In short, because we now have numeric variable it is easier to say @LINE is one and say what it evaluates to and leave what can be done to it to the general description of numeric variable.

include/llvm/Support/FileCheck.h
225

Several numeric expressions can refer to the same numeric variable in which case you want the reference counting so that when calling the destructor for those numeric expression delete is called only once on that variable.

lib/Support/FileCheck.cpp
81

Yes indeed and perhaps in a few other places as well. Thanks

This change is so large that it's going to take quite a while to review. However, I've made a few initial comments on the header. I'll come back to this next week and continue from there.

include/llvm/Support/FileCheck.h
41

Nit: Code -> code

44

Why the declaration here?

52

Nit: print -> printed

57

I don't really understand this comment. I think you are saying that this "Set" variable indicates whether the format is explicit or not, right? If so, rename the variable to something like IsExplicit or similar.

60

Several -> If set, there are ...

81

Don't namespace this. Just make the enum inside a scoped enum (i.e. enum class).

82–84

I think the general style in LLVM is single space after full stop (applies here and elsewhere).

"is a numeric expression (and thus value ...) available" -> "a numeric expression is available (and thus the value ...)"

95–96

I'm not sure the second sentence here is necessary.

97

I'm not sure you need to name all your classes "FileCheckXXX". You can shorten their names by dropping the FileCheck part, I reckon.

99–103

Why not just always store in a single uint64_t field called Value and convert to signed when requested?

Also, don't unnecessarily abbreviate variables like this.

131–132

I don't think you need this comment. operator== is fairly self-explanatory as to its purpose...!

139

LLVM style is for camel-case, starting with lower-case letters for method and function names. Also, don't bother commenting if the function purpose is obvious from its name.

145

What is a tentative value?

169

You don't need the "struct" here or in any of the other function arguments or variable declarations etc.

169–170

This should probably return an Expected<std::string> or Optional<std::string> and not use an output parameter.

172–180

Could these two just be overloads of operator+ and operator-?

183–184

Only the first sentence here is needed. The other two are implicit by the fact that this is a virtual class with abstract methods.

191–192

What does "null" mean in this context?

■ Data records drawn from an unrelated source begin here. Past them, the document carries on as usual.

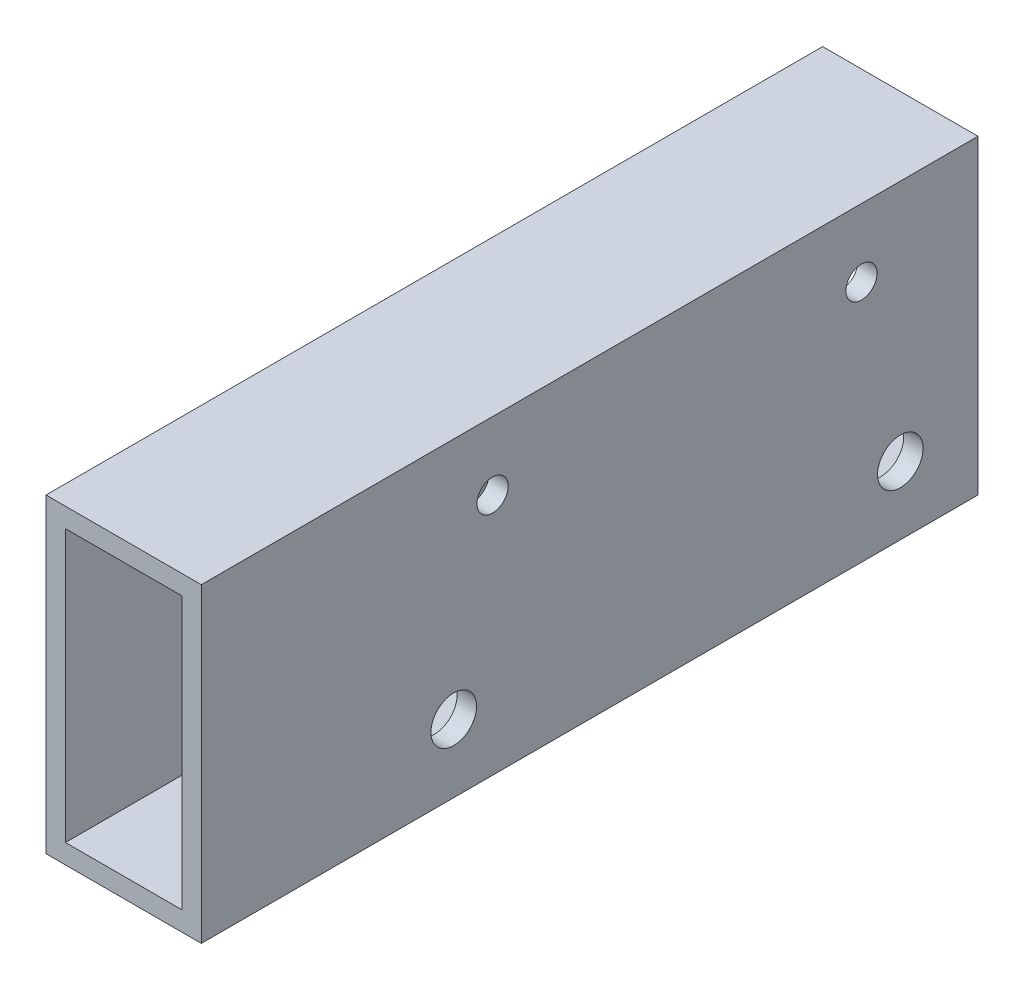
ISO-10303-21;
HEADER;
FILE_DESCRIPTION(('STEP AP214'),'2;1');
FILE_NAME('part.step','',(''),(''),'','','');
FILE_SCHEMA(('AUTOMOTIVE_DESIGN { 1 0 10303 214 1 1 1 1 }'));
ENDSEC;
DATA;
#1=APPLICATION_CONTEXT('core data for automotive mechanical design processes');
#2=APPLICATION_PROTOCOL_DEFINITION('international standard','automotive_design',2000,#1);
#3=PRODUCT_CONTEXT('',#1,'mechanical');
#4=PRODUCT('Part','Part','',(#3));
#5=PRODUCT_RELATED_PRODUCT_CATEGORY('part','',(#4));
#6=PRODUCT_DEFINITION_FORMATION('','',#4);
#7=PRODUCT_DEFINITION_CONTEXT('part definition',#1,'design');
#8=PRODUCT_DEFINITION('design','',#6,#7);
#9=PRODUCT_DEFINITION_SHAPE('','',#8);
#10=(LENGTH_UNIT() NAMED_UNIT(*) SI_UNIT(.MILLI.,.METRE.));
#11=(NAMED_UNIT(*) PLANE_ANGLE_UNIT() SI_UNIT($,.RADIAN.));
#12=(NAMED_UNIT(*) SI_UNIT($,.STERADIAN.) SOLID_ANGLE_UNIT());
#13=UNCERTAINTY_MEASURE_WITH_UNIT(LENGTH_MEASURE(1.E-05),#10,'distance_accuracy_value','');
#14=(GEOMETRIC_REPRESENTATION_CONTEXT(3) GLOBAL_UNCERTAINTY_ASSIGNED_CONTEXT((#13)) GLOBAL_UNIT_ASSIGNED_CONTEXT((#10,
#11,#12)) REPRESENTATION_CONTEXT('',''));
#15=CARTESIAN_POINT('',(0.,0.,0.));
#16=DIRECTION('',(0.,0.,1.));
#17=DIRECTION('',(1.,0.,0.));
#18=AXIS2_PLACEMENT_3D('',#15,#16,#17);
#19=CARTESIAN_POINT('',(0.,0.,63.5));
#20=DIRECTION('',(0.,0.,1.));
#21=DIRECTION('',(1.,0.,0.));
#22=AXIS2_PLACEMENT_3D('',#19,#20,#21);
#23=PLANE('',#22);
#24=DIRECTION('',(0.,1.,0.));
#25=VECTOR('',#24,1.);
#26=CARTESIAN_POINT('',(12.7,25.4,63.5));
#27=LINE('',#26,#25);
#28=CARTESIAN_POINT('',(12.7,-25.4,63.5));
#29=VERTEX_POINT('',#28);
#30=CARTESIAN_POINT('',(12.7,25.4,63.5));
#31=VERTEX_POINT('',#30);
#32=EDGE_CURVE('E137',#29,#31,#27,.T.);
#33=ORIENTED_EDGE('',*,*,#32,.T.);
#34=DIRECTION('',(-1.,0.,0.));
#35=VECTOR('',#34,1.);
#36=CARTESIAN_POINT('',(-12.7,25.4,63.5));
#37=LINE('',#36,#35);
#38=CARTESIAN_POINT('',(-12.7,25.4,63.5));
#39=VERTEX_POINT('',#38);
#40=EDGE_CURVE('E140',#31,#39,#37,.T.);
#41=ORIENTED_EDGE('',*,*,#40,.T.);
#42=DIRECTION('',(0.,-1.,0.));
#43=VECTOR('',#42,1.);
#44=CARTESIAN_POINT('',(-12.7,25.4,63.5));
#45=LINE('',#44,#43);
#46=CARTESIAN_POINT('',(-12.7,-25.4,63.5));
#47=VERTEX_POINT('',#46);
#48=EDGE_CURVE('E143',#39,#47,#45,.T.);
#49=ORIENTED_EDGE('',*,*,#48,.T.);
#50=DIRECTION('',(1.,0.,0.));
#51=VECTOR('',#50,1.);
#52=CARTESIAN_POINT('',(-12.7,-25.4,63.5));
#53=LINE('',#52,#51);
#54=EDGE_CURVE('E145',#47,#29,#53,.T.);
#55=ORIENTED_EDGE('',*,*,#54,.T.);
#56=EDGE_LOOP('',(#33,#41,#49,#55));
#57=FACE_BOUND('',#56,.T.);
#58=DIRECTION('',(1.,0.,0.));
#59=VECTOR('',#58,1.);
#60=CARTESIAN_POINT('',(-9.525,-22.225,63.5));
#61=LINE('',#60,#59);
#62=CARTESIAN_POINT('',(-9.525,-22.225,63.5));
#63=VERTEX_POINT('',#62);
#64=CARTESIAN_POINT('',(9.52500000000001,-22.225,63.5));
#65=VERTEX_POINT('',#64);
#66=EDGE_CURVE('E107',#63,#65,#61,.T.);
#67=ORIENTED_EDGE('',*,*,#66,.F.);
#68=DIRECTION('',(0.,-1.,0.));
#69=VECTOR('',#68,1.);
#70=CARTESIAN_POINT('',(-9.525,22.225,63.5));
#71=LINE('',#70,#69);
#72=CARTESIAN_POINT('',(-9.525,22.225,63.5));
#73=VERTEX_POINT('',#72);
#74=EDGE_CURVE('E99',#73,#63,#71,.T.);
#75=ORIENTED_EDGE('',*,*,#74,.F.);
#76=DIRECTION('',(-1.,0.,0.));
#77=VECTOR('',#76,1.);
#78=CARTESIAN_POINT('',(-9.525,22.225,63.5));
#79=LINE('',#78,#77);
#80=CARTESIAN_POINT('',(9.525,22.225,63.5));
#81=VERTEX_POINT('',#80);
#82=EDGE_CURVE('E121',#81,#73,#79,.T.);
#83=ORIENTED_EDGE('',*,*,#82,.F.);
#84=DIRECTION('',(0.,1.,0.));
#85=VECTOR('',#84,1.);
#86=CARTESIAN_POINT('',(9.525,22.225,63.5));
#87=LINE('',#86,#85);
#88=EDGE_CURVE('E119',#65,#81,#87,.T.);
#89=ORIENTED_EDGE('',*,*,#88,.F.);
#90=EDGE_LOOP('',(#67,#75,#83,#89));
#91=FACE_BOUND('',#90,.T.);
#92=ADVANCED_FACE('F32',(#57,#91),#23,.T.);
#93=CARTESIAN_POINT('',(0.,0.,-63.5));
#94=DIRECTION('',(0.,0.,1.));
#95=DIRECTION('',(1.,0.,0.));
#96=AXIS2_PLACEMENT_3D('',#93,#94,#95);
#97=PLANE('',#96);
#98=DIRECTION('',(0.,1.,0.));
#99=VECTOR('',#98,1.);
#100=CARTESIAN_POINT('',(12.7,25.4,-63.5));
#101=LINE('',#100,#99);
#102=CARTESIAN_POINT('',(12.7,-25.4,-63.5));
#103=VERTEX_POINT('',#102);
#104=CARTESIAN_POINT('',(12.7,25.4,-63.5));
#105=VERTEX_POINT('',#104);
#106=EDGE_CURVE('E115',#103,#105,#101,.T.);
#107=ORIENTED_EDGE('',*,*,#106,.F.);
#108=DIRECTION('',(1.,0.,0.));
#109=VECTOR('',#108,1.);
#110=CARTESIAN_POINT('',(-12.7,-25.4,-63.5));
#111=LINE('',#110,#109);
#112=CARTESIAN_POINT('',(-12.7,-25.4,-63.5));
#113=VERTEX_POINT('',#112);
#114=EDGE_CURVE('E141',#113,#103,#111,.T.);
#115=ORIENTED_EDGE('',*,*,#114,.F.);
#116=DIRECTION('',(0.,-1.,0.));
#117=VECTOR('',#116,1.);
#118=CARTESIAN_POINT('',(-12.7,25.4,-63.5));
#119=LINE('',#118,#117);
#120=CARTESIAN_POINT('',(-12.7,25.4,-63.5));
#121=VERTEX_POINT('',#120);
#122=EDGE_CURVE('E152',#121,#113,#119,.T.);
#123=ORIENTED_EDGE('',*,*,#122,.F.);
#124=DIRECTION('',(-1.,0.,0.));
#125=VECTOR('',#124,1.);
#126=CARTESIAN_POINT('',(-12.7,25.4,-63.5));
#127=LINE('',#126,#125);
#128=EDGE_CURVE('E150',#105,#121,#127,.T.);
#129=ORIENTED_EDGE('',*,*,#128,.F.);
#130=EDGE_LOOP('',(#107,#115,#123,#129));
#131=FACE_BOUND('',#130,.T.);
#132=DIRECTION('',(0.,-1.,0.));
#133=VECTOR('',#132,1.);
#134=CARTESIAN_POINT('',(-9.525,22.225,-63.5));
#135=LINE('',#134,#133);
#136=CARTESIAN_POINT('',(-9.525,22.225,-63.5));
#137=VERTEX_POINT('',#136);
#138=CARTESIAN_POINT('',(-9.525,-22.225,-63.5));
#139=VERTEX_POINT('',#138);
#140=EDGE_CURVE('E57',#137,#139,#135,.T.);
#141=ORIENTED_EDGE('',*,*,#140,.T.);
#142=DIRECTION('',(1.,0.,0.));
#143=VECTOR('',#142,1.);
#144=CARTESIAN_POINT('',(-9.525,-22.225,-63.5));
#145=LINE('',#144,#143);
#146=CARTESIAN_POINT('',(9.52500000000001,-22.225,-63.5));
#147=VERTEX_POINT('',#146);
#148=EDGE_CURVE('E114',#139,#147,#145,.T.);
#149=ORIENTED_EDGE('',*,*,#148,.T.);
#150=DIRECTION('',(0.,1.,0.));
#151=VECTOR('',#150,1.);
#152=CARTESIAN_POINT('',(9.525,22.225,-63.5));
#153=LINE('',#152,#151);
#154=CARTESIAN_POINT('',(9.525,22.225,-63.5));
#155=VERTEX_POINT('',#154);
#156=EDGE_CURVE('E129',#147,#155,#153,.T.);
#157=ORIENTED_EDGE('',*,*,#156,.T.);
#158=DIRECTION('',(-1.,0.,0.));
#159=VECTOR('',#158,1.);
#160=CARTESIAN_POINT('',(-9.525,22.225,-63.5));
#161=LINE('',#160,#159);
#162=EDGE_CURVE('E108',#155,#137,#161,.T.);
#163=ORIENTED_EDGE('',*,*,#162,.T.);
#164=EDGE_LOOP('',(#141,#149,#157,#163));
#165=FACE_BOUND('',#164,.T.);
#166=ADVANCED_FACE('F223',(#131,#165),#97,.F.);
#167=CARTESIAN_POINT('',(12.7,25.4,63.5));
#168=DIRECTION('',(-1.,0.,0.));
#169=DIRECTION('',(0.,-1.,0.));
#170=AXIS2_PLACEMENT_3D('',#167,#168,#169);
#171=PLANE('',#170);
#172=CARTESIAN_POINT('',(12.7,14.2875,15.875));
#173=DIRECTION('',(1.,0.,0.));
#174=DIRECTION('',(0.,1.,0.));
#175=AXIS2_PLACEMENT_3D('',#172,#173,#174);
#176=CIRCLE('',#175,2.5527);
#177=CARTESIAN_POINT('',(12.7,16.8402,15.875));
#178=VERTEX_POINT('',#177);
#179=EDGE_CURVE('E291',#178,#178,#176,.T.);
#180=ORIENTED_EDGE('',*,*,#179,.F.);
#181=EDGE_LOOP('',(#180));
#182=FACE_BOUND('',#181,.T.);
#183=CARTESIAN_POINT('',(12.7,14.2875,-44.45));
#184=DIRECTION('',(1.,0.,0.));
#185=DIRECTION('',(0.,1.,0.));
#186=AXIS2_PLACEMENT_3D('',#183,#184,#185);
#187=CIRCLE('',#186,2.5527);
#188=CARTESIAN_POINT('',(12.7,16.8402,-44.45));
#189=VERTEX_POINT('',#188);
#190=EDGE_CURVE('E180',#189,#189,#187,.T.);
#191=ORIENTED_EDGE('',*,*,#190,.F.);
#192=EDGE_LOOP('',(#191));
#193=FACE_BOUND('',#192,.T.);
#194=CARTESIAN_POINT('',(12.7,-14.2875,22.225));
#195=DIRECTION('',(1.,0.,0.));
#196=DIRECTION('',(0.,1.,0.));
#197=AXIS2_PLACEMENT_3D('',#194,#195,#196);
#198=CIRCLE('',#197,3.72872);
#199=CARTESIAN_POINT('',(12.7,-10.55878,22.225));
#200=VERTEX_POINT('',#199);
#201=EDGE_CURVE('E177',#200,#200,#198,.T.);
#202=ORIENTED_EDGE('',*,*,#201,.F.);
#203=EDGE_LOOP('',(#202));
#204=FACE_BOUND('',#203,.T.);
#205=CARTESIAN_POINT('',(12.7,-14.2875,-50.8));
#206=DIRECTION('',(1.,0.,0.));
#207=DIRECTION('',(0.,1.,0.));
#208=AXIS2_PLACEMENT_3D('',#205,#206,#207);
#209=CIRCLE('',#208,3.72872);
#210=CARTESIAN_POINT('',(12.7,-10.55878,-50.8));
#211=VERTEX_POINT('',#210);
#212=EDGE_CURVE('E196',#211,#211,#209,.T.);
#213=ORIENTED_EDGE('',*,*,#212,.F.);
#214=EDGE_LOOP('',(#213));
#215=FACE_BOUND('',#214,.T.);
#216=ORIENTED_EDGE('',*,*,#106,.T.);
#217=DIRECTION('',(0.,0.,-1.));
#218=VECTOR('',#217,1.);
#219=CARTESIAN_POINT('',(12.7,25.4,63.5));
#220=LINE('',#219,#218);
#221=EDGE_CURVE('E11',#31,#105,#220,.T.);
#222=ORIENTED_EDGE('',*,*,#221,.F.);
#223=ORIENTED_EDGE('',*,*,#32,.F.);
#224=DIRECTION('',(0.,0.,-1.));
#225=VECTOR('',#224,1.);
#226=CARTESIAN_POINT('',(12.7,-25.4,63.5));
#227=LINE('',#226,#225);
#228=EDGE_CURVE('E147',#29,#103,#227,.T.);
#229=ORIENTED_EDGE('',*,*,#228,.T.);
#230=EDGE_LOOP('',(#216,#222,#223,#229));
#231=FACE_BOUND('',#230,.T.);
#232=ADVANCED_FACE('F34',(#182,#193,#204,#215,#231),#171,.F.);
#233=CARTESIAN_POINT('',(-12.7,25.4,63.5));
#234=DIRECTION('',(0.,-1.,0.));
#235=DIRECTION('',(0.,0.,-1.));
#236=AXIS2_PLACEMENT_3D('',#233,#234,#235);
#237=PLANE('',#236);
#238=ORIENTED_EDGE('',*,*,#128,.T.);
#239=DIRECTION('',(0.,0.,-1.));
#240=VECTOR('',#239,1.);
#241=CARTESIAN_POINT('',(-12.7,25.4,63.5));
#242=LINE('',#241,#240);
#243=EDGE_CURVE('E41',#39,#121,#242,.T.);
#244=ORIENTED_EDGE('',*,*,#243,.F.);
#245=ORIENTED_EDGE('',*,*,#40,.F.);
#246=ORIENTED_EDGE('',*,*,#221,.T.);
#247=EDGE_LOOP('',(#238,#244,#245,#246));
#248=FACE_BOUND('',#247,.T.);
#249=ADVANCED_FACE('F232',(#248),#237,.F.);
#250=CARTESIAN_POINT('',(-12.7,25.4,63.5));
#251=DIRECTION('',(1.,0.,0.));
#252=DIRECTION('',(0.,1.,0.));
#253=AXIS2_PLACEMENT_3D('',#250,#251,#252);
#254=PLANE('',#253);
#255=CARTESIAN_POINT('',(-12.7,14.2875,15.875));
#256=DIRECTION('',(1.,0.,0.));
#257=DIRECTION('',(0.,1.,0.));
#258=AXIS2_PLACEMENT_3D('',#255,#256,#257);
#259=CIRCLE('',#258,2.5527);
#260=CARTESIAN_POINT('',(-12.7,16.8402,15.875));
#261=VERTEX_POINT('',#260);
#262=EDGE_CURVE('E292',#261,#261,#259,.T.);
#263=ORIENTED_EDGE('',*,*,#262,.T.);
#264=EDGE_LOOP('',(#263));
#265=FACE_BOUND('',#264,.T.);
#266=CARTESIAN_POINT('',(-12.7,14.2875,-44.45));
#267=DIRECTION('',(1.,0.,0.));
#268=DIRECTION('',(0.,1.,0.));
#269=AXIS2_PLACEMENT_3D('',#266,#267,#268);
#270=CIRCLE('',#269,2.5527);
#271=CARTESIAN_POINT('',(-12.7,16.8402,-44.45));
#272=VERTEX_POINT('',#271);
#273=EDGE_CURVE('E173',#272,#272,#270,.T.);
#274=ORIENTED_EDGE('',*,*,#273,.T.);
#275=EDGE_LOOP('',(#274));
#276=FACE_BOUND('',#275,.T.);
#277=CARTESIAN_POINT('',(-12.7,-14.2875,22.225));
#278=DIRECTION('',(1.,0.,0.));
#279=DIRECTION('',(0.,1.,0.));
#280=AXIS2_PLACEMENT_3D('',#277,#278,#279);
#281=CIRCLE('',#280,3.72872);
#282=CARTESIAN_POINT('',(-12.7,-10.55878,22.225));
#283=VERTEX_POINT('',#282);
#284=EDGE_CURVE('E169',#283,#283,#281,.T.);
#285=ORIENTED_EDGE('',*,*,#284,.T.);
#286=EDGE_LOOP('',(#285));
#287=FACE_BOUND('',#286,.T.);
#288=CARTESIAN_POINT('',(-12.7,-14.2875,-50.8));
#289=DIRECTION('',(1.,0.,0.));
#290=DIRECTION('',(0.,1.,0.));
#291=AXIS2_PLACEMENT_3D('',#288,#289,#290);
#292=CIRCLE('',#291,3.72872);
#293=CARTESIAN_POINT('',(-12.7,-10.55878,-50.8));
#294=VERTEX_POINT('',#293);
#295=EDGE_CURVE('E165',#294,#294,#292,.T.);
#296=ORIENTED_EDGE('',*,*,#295,.T.);
#297=EDGE_LOOP('',(#296));
#298=FACE_BOUND('',#297,.T.);
#299=ORIENTED_EDGE('',*,*,#122,.T.);
#300=DIRECTION('',(0.,0.,-1.));
#301=VECTOR('',#300,1.);
#302=CARTESIAN_POINT('',(-12.7,-25.4,63.5));
#303=LINE('',#302,#301);
#304=EDGE_CURVE('E157',#47,#113,#303,.T.);
#305=ORIENTED_EDGE('',*,*,#304,.F.);
#306=ORIENTED_EDGE('',*,*,#48,.F.);
#307=ORIENTED_EDGE('',*,*,#243,.T.);
#308=EDGE_LOOP('',(#299,#305,#306,#307));
#309=FACE_BOUND('',#308,.T.);
#310=ADVANCED_FACE('F216',(#265,#276,#287,#298,#309),#254,.F.);
#311=CARTESIAN_POINT('',(-12.7,-25.4,63.5));
#312=DIRECTION('',(0.,1.,0.));
#313=DIRECTION('',(0.,0.,1.));
#314=AXIS2_PLACEMENT_3D('',#311,#312,#313);
#315=PLANE('',#314);
#316=ORIENTED_EDGE('',*,*,#114,.T.);
#317=ORIENTED_EDGE('',*,*,#228,.F.);
#318=ORIENTED_EDGE('',*,*,#54,.F.);
#319=ORIENTED_EDGE('',*,*,#304,.T.);
#320=EDGE_LOOP('',(#316,#317,#318,#319));
#321=FACE_BOUND('',#320,.T.);
#322=ADVANCED_FACE('F207',(#321),#315,.F.);
#323=CARTESIAN_POINT('',(-9.525,22.225,63.5));
#324=DIRECTION('',(1.,0.,0.));
#325=DIRECTION('',(0.,1.,0.));
#326=AXIS2_PLACEMENT_3D('',#323,#324,#325);
#327=PLANE('',#326);
#328=CARTESIAN_POINT('',(-9.525,14.2875,15.875));
#329=DIRECTION('',(1.,0.,0.));
#330=DIRECTION('',(0.,1.,0.));
#331=AXIS2_PLACEMENT_3D('',#328,#329,#330);
#332=CIRCLE('',#331,2.5527);
#333=CARTESIAN_POINT('',(-9.525,16.8402,15.875));
#334=VERTEX_POINT('',#333);
#335=EDGE_CURVE('E185',#334,#334,#332,.T.);
#336=ORIENTED_EDGE('',*,*,#335,.F.);
#337=EDGE_LOOP('',(#336));
#338=FACE_BOUND('',#337,.T.);
#339=CARTESIAN_POINT('',(-9.525,14.2875,-44.45));
#340=DIRECTION('',(1.,0.,0.));
#341=DIRECTION('',(0.,1.,0.));
#342=AXIS2_PLACEMENT_3D('',#339,#340,#341);
#343=CIRCLE('',#342,2.5527);
#344=CARTESIAN_POINT('',(-9.525,16.8402,-44.45));
#345=VERTEX_POINT('',#344);
#346=EDGE_CURVE('E172',#345,#345,#343,.T.);
#347=ORIENTED_EDGE('',*,*,#346,.F.);
#348=EDGE_LOOP('',(#347));
#349=FACE_BOUND('',#348,.T.);
#350=CARTESIAN_POINT('',(-9.525,-14.2875,22.225));
#351=DIRECTION('',(1.,0.,0.));
#352=DIRECTION('',(0.,1.,0.));
#353=AXIS2_PLACEMENT_3D('',#350,#351,#352);
#354=CIRCLE('',#353,3.72872);
#355=CARTESIAN_POINT('',(-9.525,-10.55878,22.225));
#356=VERTEX_POINT('',#355);
#357=EDGE_CURVE('E168',#356,#356,#354,.T.);
#358=ORIENTED_EDGE('',*,*,#357,.F.);
#359=EDGE_LOOP('',(#358));
#360=FACE_BOUND('',#359,.T.);
#361=CARTESIAN_POINT('',(-9.525,-14.2875,-50.8));
#362=DIRECTION('',(1.,0.,0.));
#363=DIRECTION('',(0.,1.,0.));
#364=AXIS2_PLACEMENT_3D('',#361,#362,#363);
#365=CIRCLE('',#364,3.72872);
#366=CARTESIAN_POINT('',(-9.525,-10.55878,-50.8));
#367=VERTEX_POINT('',#366);
#368=EDGE_CURVE('E127',#367,#367,#365,.T.);
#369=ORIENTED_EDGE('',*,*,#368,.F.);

We're not dealing with pointers... Assuming it's some kind of no-format, perhaps calling it by the corresponding variable name might be better.

Again, the last sentence is unnecessary, since it's implicit in the "= 0" part of the function declaration.

195–198

This isn't the behaviour I'd expect a function of this name to do. I'd expect it to return a vector of names, not append to an input parameter.

Other nit in the comment: overrided -> overridden.

201

Nit: litteral -> literal

209–213

Similar to the FileCheckNumExprVal class, I don't think you need both constructors. One should suffice.

215–217

I'd drop the first sentence and rephrase the second:
"Return the node itself and set \p Fmt to none, since literals do not have conversion formats" (where none is a placeholder for a better word than null).

227–228

from x 2 -> by

232

It's a little unclear what is meant by "matching format" here. Is it the format this expression can match against (i.e. hex/decimal etc), or what?

236

Like struct, you don't nee the enum here.

246

for numeric -> for a numeric

247–248

eg. -> e.g.

I'd drop the bit in parentheses at the end of the sentence. If somebody starts using this for another person, this comment will almost certainly go stale.

252–253

Drop the reference to the shared_ptr in this sentence, and change the second sentence to something like "The pointer is guaranteed to be valid as long as this object is."

256

What is meant by "matched" in this context?

268

Remove the first "can"

274

Rather than returning a bool, and passing in a parameter that will be set, this and similar functions should probably return an Expected<T> or Optional<T>.

294–299

Why are these two different functions?